Thu. Dec 5th, 2024

Newly sworn-in Maine House Speaker Ryan Fecteau addresses representatives in the House chamber in Augusta on Dec. 4, 2024. (Photo by Jim Neuger/Maine Morning Star)

If the average customer of Mattie Daughtry’s Brunswick brewery can’t feel the impact of the work done in Augusta, then the Maine Legislature has failed, the newly elected Senate president said Wednesday after being selected as the youngest woman to lead the upper chamber. 

The 132nd Maine Legislature was sworn into office on Wednesday and officially elected its leaders, Daughtry and Speaker of the Maine House Ryan Fecteau of Biddeford, who returns to the rostrum after first serving as the youngest speaker in 2020. 

“Let us use this session to prove what Maine has already known: that we are stronger when we work together; that solutions are found not in digging trenches, but in building bridges,” Fecteau said.

Both Democratic leaders vowed in addresses to their colleagues to work across the aisle to find solutions this session, reiterating earlier ambitions shared with Maine Morning Star to bridge partisan divides through streamlined procedure, efficiency and trust at the State House. 

This intended bipartisan path forward was underscored by speeches from fellow lawmakers commending the leaders for their track records of bipartisan work.

In the upper chamber, nominations for Daughtry came not only from within her party but from two Republicans, including Minority Leader Trey Stewart (R-Aroostook), whose caucus reelected him to the post. 

Stewart shared his support for the president as a fellow young person who has served alongside Daughtry since they were both first elected in their 20s.

Newly sworn-in Maine Senate President Mattie Daughtry addresses senators in the Senate chamber in Augusta on Dec. 4, 2024. (Photo by Jim Neuger/Maine Morning Star)

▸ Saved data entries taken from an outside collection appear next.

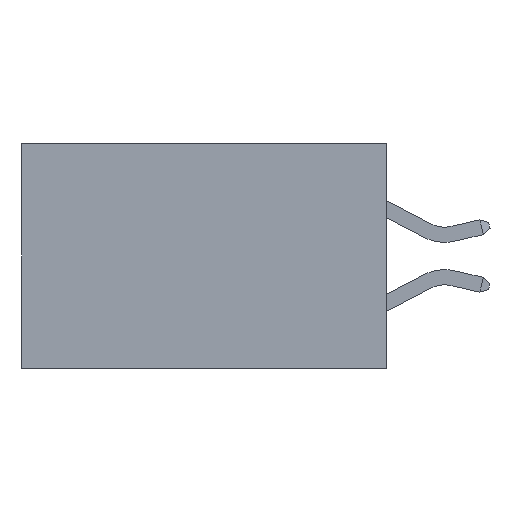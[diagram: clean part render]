
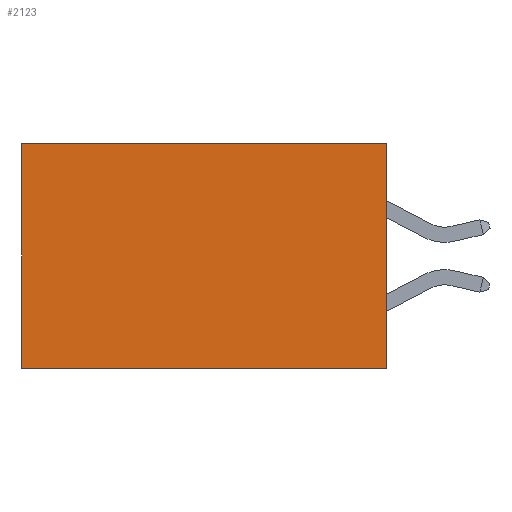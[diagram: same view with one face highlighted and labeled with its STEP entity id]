
A CAD part, left-side view. The second image highlights one B-rep face of the part: STEP entity #2123.
In plain terms, the highlighted planar face has unit normal (-1, 0, 0).
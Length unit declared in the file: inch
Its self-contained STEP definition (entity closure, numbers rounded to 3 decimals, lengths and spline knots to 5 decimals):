
#440 = CARTESIAN_POINT ( 'NONE',  ( 0.298, 0.6, 0. ) ) ;
#641 = EDGE_CURVE ( 'NONE', #17822, #4004, #11398, .T. ) ;
#1924 = ORIENTED_EDGE ( 'NONE', *, *, #9863, .T. ) ;
#2123 = ADVANCED_FACE ( 'NONE', ( #17468 ), #10658, .F. ) ;
#2432 = LINE ( 'NONE', #5787, #5785 ) ;
#2925 = VECTOR ( 'NONE', #5210, 39.37008 ) ;
#2930 = CARTESIAN_POINT ( 'NONE',  ( 0.298, 0., 0. ) ) ;
#3197 = DIRECTION ( 'NONE',  ( 0., 0., -1. ) ) ;
#3594 = CARTESIAN_POINT ( 'NONE',  ( 0.298, 0., 0. ) ) ;
#4004 = VERTEX_POINT ( 'NONE', #18044 ) ;
#5210 = DIRECTION ( 'NONE',  ( 0., 0., -1. ) ) ;
#5785 = VECTOR ( 'NONE', #17034, 39.37008 ) ;
#5787 = CARTESIAN_POINT ( 'NONE',  ( 0.298, 0., -0.37 ) ) ;
#6300 = LINE ( 'NONE', #9435, #2925 ) ;
#7933 = VECTOR ( 'NONE', #12088, 39.37008 ) ;
#8364 = LINE ( 'NONE', #3594, #7933 ) ;
#9435 = CARTESIAN_POINT ( 'NONE',  ( 0.298, 0.6, 0. ) ) ;
#9863 = EDGE_CURVE ( 'NONE', #17822, #16325, #8364, .T. ) ;
#10305 = CARTESIAN_POINT ( 'NONE',  ( 0.298, 0., 0. ) ) ;
#10658 = PLANE ( 'NONE',  #13405 ) ;
#11398 = LINE ( 'NONE', #2930, #15148 ) ;
#11725 = ORIENTED_EDGE ( 'NONE', *, *, #641, .F. ) ;
#11794 = CARTESIAN_POINT ( 'NONE',  ( 0.298, 0.6, -0.37 ) ) ;
#12088 = DIRECTION ( 'NONE',  ( 0., 1., 0. ) ) ;
#13405 = AXIS2_PLACEMENT_3D ( 'NONE', #10305, #13560, #3197 ) ;
#13560 = DIRECTION ( 'NONE',  ( 1., 0., 0. ) ) ;
#13843 = EDGE_CURVE ( 'NONE', #4004, #17418, #2432, .T. ) ;
#14497 = ORIENTED_EDGE ( 'NONE', *, *, #15310, .T. ) ;
#15148 = VECTOR ( 'NONE', #16336, 39.37008 ) ;
#15271 = EDGE_LOOP ( 'NONE', ( #14497, #16558, #11725, #1924 ) ) ;
#15310 = EDGE_CURVE ( 'NONE', #16325, #17418, #6300, .T. ) ;
#15417 = CARTESIAN_POINT ( 'NONE',  ( 0.298, 0., 0. ) ) ;
#16325 = VERTEX_POINT ( 'NONE', #440 ) ;
#16336 = DIRECTION ( 'NONE',  ( 0., 0., -1. ) ) ;
#16558 = ORIENTED_EDGE ( 'NONE', *, *, #13843, .F. ) ;
#17034 = DIRECTION ( 'NONE',  ( 0., 1., 0. ) ) ;
#17418 = VERTEX_POINT ( 'NONE', #11794 ) ;
#17468 = FACE_OUTER_BOUND ( 'NONE', #15271, .T. ) ;
#17822 = VERTEX_POINT ( 'NONE', #15417 ) ;
#18044 = CARTESIAN_POINT ( 'NONE',  ( 0.298, 0., -0.37 ) ) ;
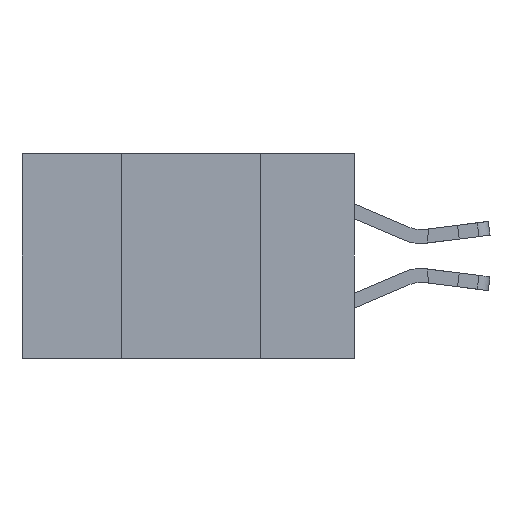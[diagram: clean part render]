
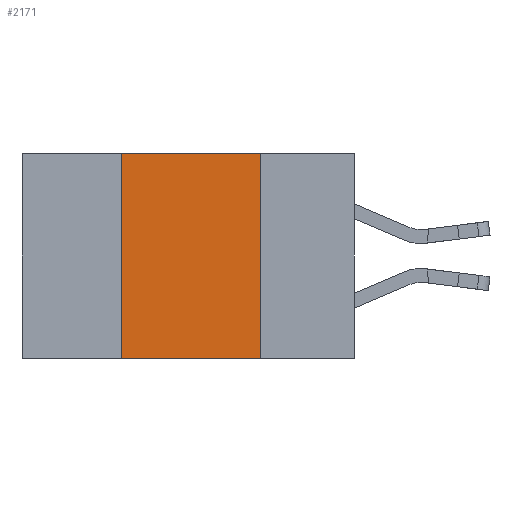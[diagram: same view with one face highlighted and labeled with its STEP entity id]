
A CAD part, left-side view. The second image highlights one B-rep face of the part: STEP entity #2171.
In plain terms, the highlighted planar face has unit normal (-1, 0, 0).
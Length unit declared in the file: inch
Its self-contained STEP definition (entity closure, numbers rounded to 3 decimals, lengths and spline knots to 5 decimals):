
#786 = FACE_OUTER_BOUND ( 'NONE', #10800, .T. ) ;
#1180 = VERTEX_POINT ( 'NONE', #9546 ) ;
#1605 = DIRECTION ( 'NONE',  ( 0., 0., 1. ) ) ;
#1824 = CARTESIAN_POINT ( 'NONE',  ( 0., 0.17, -0.37 ) ) ;
#1930 = DIRECTION ( 'NONE',  ( 0., 0., -1. ) ) ;
#2034 = PLANE ( 'NONE',  #8224 ) ;
#2040 = CARTESIAN_POINT ( 'NONE',  ( 0., 0.17, 0. ) ) ;
#2171 = ADVANCED_FACE ( 'NONE', ( #786 ), #2034, .F. ) ;
#2908 = ORIENTED_EDGE ( 'NONE', *, *, #12823, .F. ) ;
#4445 = VERTEX_POINT ( 'NONE', #9750 ) ;
#4841 = VECTOR ( 'NONE', #9390, 39.37008 ) ;
#4993 = LINE ( 'NONE', #2040, #10463 ) ;
#5497 = DIRECTION ( 'NONE',  ( 0., 0., -1. ) ) ;
#5696 = CARTESIAN_POINT ( 'NONE',  ( 0., 0.6, 0. ) ) ;
#6173 = VECTOR ( 'NONE', #11920, 39.37008 ) ;
#6922 = LINE ( 'NONE', #14012, #4841 ) ;
#6941 = VERTEX_POINT ( 'NONE', #1824 ) ;
#6993 = ORIENTED_EDGE ( 'NONE', *, *, #9584, .F. ) ;
#7258 = ORIENTED_EDGE ( 'NONE', *, *, #12418, .F. ) ;
#8036 = VERTEX_POINT ( 'NONE', #11986 ) ;
#8224 = AXIS2_PLACEMENT_3D ( 'NONE', #5696, #15047, #1930 ) ;
#9078 = LINE ( 'NONE', #14716, #14299 ) ;
#9390 = DIRECTION ( 'NONE',  ( 0., -1., 0. ) ) ;
#9546 = CARTESIAN_POINT ( 'NONE',  ( 0., 0.17, 0. ) ) ;
#9561 = CARTESIAN_POINT ( 'NONE',  ( 0., 0.6, -0.37 ) ) ;
#9584 = EDGE_CURVE ( 'NONE', #8036, #4445, #9078, .T. ) ;
#9639 = ORIENTED_EDGE ( 'NONE', *, *, #12218, .T. ) ;
#9732 = LINE ( 'NONE', #9561, #6173 ) ;
#9750 = CARTESIAN_POINT ( 'NONE',  ( 0., 0.42, 0. ) ) ;
#10463 = VECTOR ( 'NONE', #5497, 39.37008 ) ;
#10800 = EDGE_LOOP ( 'NONE', ( #2908, #7258, #6993, #9639 ) ) ;
#11920 = DIRECTION ( 'NONE',  ( 0., -1., 0. ) ) ;
#11986 = CARTESIAN_POINT ( 'NONE',  ( 0., 0.42, -0.37 ) ) ;
#12218 = EDGE_CURVE ( 'NONE', #8036, #6941, #9732, .T. ) ;
#12418 = EDGE_CURVE ( 'NONE', #4445, #1180, #6922, .T. ) ;
#12823 = EDGE_CURVE ( 'NONE', #1180, #6941, #4993, .T. ) ;
#14012 = CARTESIAN_POINT ( 'NONE',  ( 0., 0.6, 0. ) ) ;
#14299 = VECTOR ( 'NONE', #1605, 39.37008 ) ;
#14716 = CARTESIAN_POINT ( 'NONE',  ( 0., 0.42, 0. ) ) ;
#15047 = DIRECTION ( 'NONE',  ( 1., 0., 0. ) ) ;
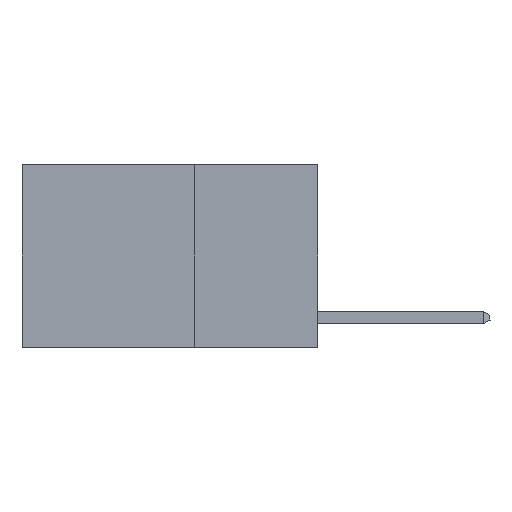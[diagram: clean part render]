
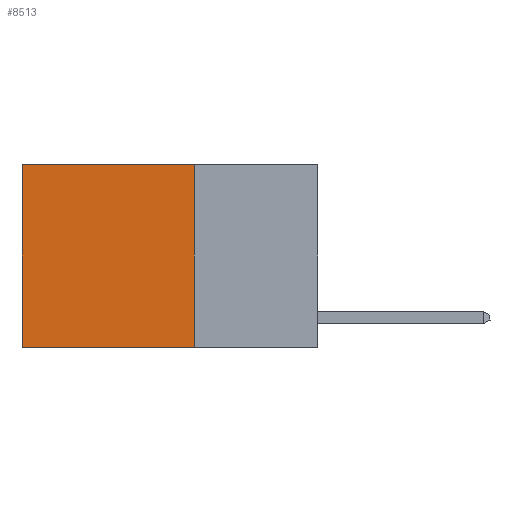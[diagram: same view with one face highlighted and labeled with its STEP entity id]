
A CAD part, left-side view. The second image highlights one B-rep face of the part: STEP entity #8513.
In plain terms, the highlighted planar face has unit normal (-1, 0, 0).
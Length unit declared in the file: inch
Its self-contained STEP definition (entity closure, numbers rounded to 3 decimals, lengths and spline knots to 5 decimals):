
#278 = ORIENTED_EDGE ( 'NONE', *, *, #21043, .T. ) ;
#283 = CARTESIAN_POINT ( 'NONE',  ( 0.2625, 0.25, 0. ) ) ;
#1429 = CARTESIAN_POINT ( 'NONE',  ( 0.2625, 0.25, -0.37 ) ) ;
#1627 = FACE_OUTER_BOUND ( 'NONE', #15984, .T. ) ;
#2768 = VERTEX_POINT ( 'NONE', #7666 ) ;
#3868 = EDGE_CURVE ( 'NONE', #7400, #16190, #14766, .T. ) ;
#4613 = VECTOR ( 'NONE', #12741, 39.37008 ) ;
#4852 = AXIS2_PLACEMENT_3D ( 'NONE', #5108, #17123, #6849 ) ;
#5108 = CARTESIAN_POINT ( 'NONE',  ( 0.2625, 0.25, 0. ) ) ;
#5247 = CARTESIAN_POINT ( 'NONE',  ( 0.2625, 0.6, -0.37 ) ) ;
#6282 = CARTESIAN_POINT ( 'NONE',  ( 0.2625, 0.6, 0. ) ) ;
#6657 = VERTEX_POINT ( 'NONE', #283 ) ;
#6849 = DIRECTION ( 'NONE',  ( 0., 0., -1. ) ) ;
#7400 = VERTEX_POINT ( 'NONE', #9082 ) ;
#7666 = CARTESIAN_POINT ( 'NONE',  ( 0.2625, 0.6, 0. ) ) ;
#8152 = EDGE_CURVE ( 'NONE', #6657, #7400, #9191, .T. ) ;
#8513 = ADVANCED_FACE ( 'NONE', ( #1627 ), #15405, .F. ) ;
#8589 = VECTOR ( 'NONE', #19998, 39.37008 ) ;
#9082 = CARTESIAN_POINT ( 'NONE',  ( 0.2625, 0.25, -0.37 ) ) ;
#9134 = LINE ( 'NONE', #14833, #8589 ) ;
#9191 = LINE ( 'NONE', #21242, #4613 ) ;
#9443 = EDGE_CURVE ( 'NONE', #6657, #2768, #9134, .T. ) ;
#9504 = ORIENTED_EDGE ( 'NONE', *, *, #3868, .F. ) ;
#10191 = VECTOR ( 'NONE', #15185, 39.37008 ) ;
#11672 = VECTOR ( 'NONE', #13202, 39.37008 ) ;
#11719 = ORIENTED_EDGE ( 'NONE', *, *, #8152, .F. ) ;
#12741 = DIRECTION ( 'NONE',  ( 0., 0., -1. ) ) ;
#13202 = DIRECTION ( 'NONE',  ( 0., 0., -1. ) ) ;
#14766 = LINE ( 'NONE', #1429, #10191 ) ;
#14833 = CARTESIAN_POINT ( 'NONE',  ( 0.2625, 0.25, 0. ) ) ;
#15185 = DIRECTION ( 'NONE',  ( 0., 1., 0. ) ) ;
#15405 = PLANE ( 'NONE',  #4852 ) ;
#15984 = EDGE_LOOP ( 'NONE', ( #278, #9504, #11719, #18656 ) ) ;
#16190 = VERTEX_POINT ( 'NONE', #5247 ) ;
#16214 = LINE ( 'NONE', #6282, #11672 ) ;
#17123 = DIRECTION ( 'NONE',  ( 1., 0., 0. ) ) ;
#18656 = ORIENTED_EDGE ( 'NONE', *, *, #9443, .T. ) ;
#19998 = DIRECTION ( 'NONE',  ( 0., 1., 0. ) ) ;
#21043 = EDGE_CURVE ( 'NONE', #2768, #16190, #16214, .T. ) ;
#21242 = CARTESIAN_POINT ( 'NONE',  ( 0.2625, 0.25, 0. ) ) ;

“It is incumbent upon us to continue to ascribe to that collaboration,” Stewart said. “There are a lot of things I think that resonate with many people that are important for us to not forget as we embark on this two year journey together.”

Highlighting energy costs, taxes, and the budget deficit, Stewart pledged to be at the table with Daughtry at each step of the lawmaking process.

While Fecteau was elected to lead the House, some Republican lawmakers nominated a member of their own party for speaker, Minority Leader Billy Bob Faulkingham (R-Winter Harbor), offering contrast to the Senate’s bipartisan alignment behind Daughtry. 

Where Democratic leaders draw the line on compromise 

Representatives should embrace moments of compromise, Fecteau said, however he clarified that civil rights, fundamental freedoms and basic dignity are not matters for partisan debate. 

“Families struggling to make ends meet, seniors trying to age with dignity, kids striving for a better, more secure future — we owe it to all of them to lead with courage, compassion and integrity,” Fecteau said.

The 32-year-old described his grandparents’ experience moving from Quebec to Biddeford in search of a better life. When he was growing up, Fecteau knew what it was like when food wasn’t plentiful and the family car wasn’t reliable. Fecteau said he will fight for policies to support working families and provide them with financial security and opportunities.

Incoming legislative leaders hope to bridge partisan divide with focus on transparency, process

When Fecteau was selected as speaker in 2020, he became the first out gay person in the role. On Wednesday, as he took the oath of office again with his husband, parents and grandmother there to cheer him on, he remains the only out gay person to ascend to that leadership position. 

Daughtry also made history as the youngest woman to lead the Senate. When Sen. Peggy Rotundo (D-Androscoggin) made the first motion to nominate Daughtry, she said she’d also had the honor of nominating Maine’s first female Senate president Beverly Daggett in 2002. 

“It’s very exciting for me to have the pleasure of nominating yet another enormously talented woman who will join this parade of strong, effective female leaders,” Rotundo said. 

Daughtry said she and her fellow lawmakers have much to learn from those who came before but, she added, “the past also shows what’s been missing,” noting the few women, people of color and Wabanaki portraits in the State House. 

Maine has a citizen’s legislature, which means many legislators also work other jobs. When Daughtry was first elected to the House at 25 years old, she was working three jobs and still couldn’t afford healthcare, she said. 

“I came to this building with strong desires to pursue the sense that if we as a body were more representative of the diverse experiences of Mainers we could better serve them,” Daughtry said.  

On Wednesday, she said that desire remains and urged her fellow lawmakers to represent every corner of the state in their work over the next two years, and to speak to their constituents rather than at them. 

“Often we hear about two Maines, which I feel couldn’t be farther from the truth,” Daughtry said, referring to the idea that the northern and southern parts of the state are so divided by politics that they seem like two different states. “I challenge us all gathered here today to think beyond those myths.”

Editor’s Note: AnnMarie Hilton contributed to this story.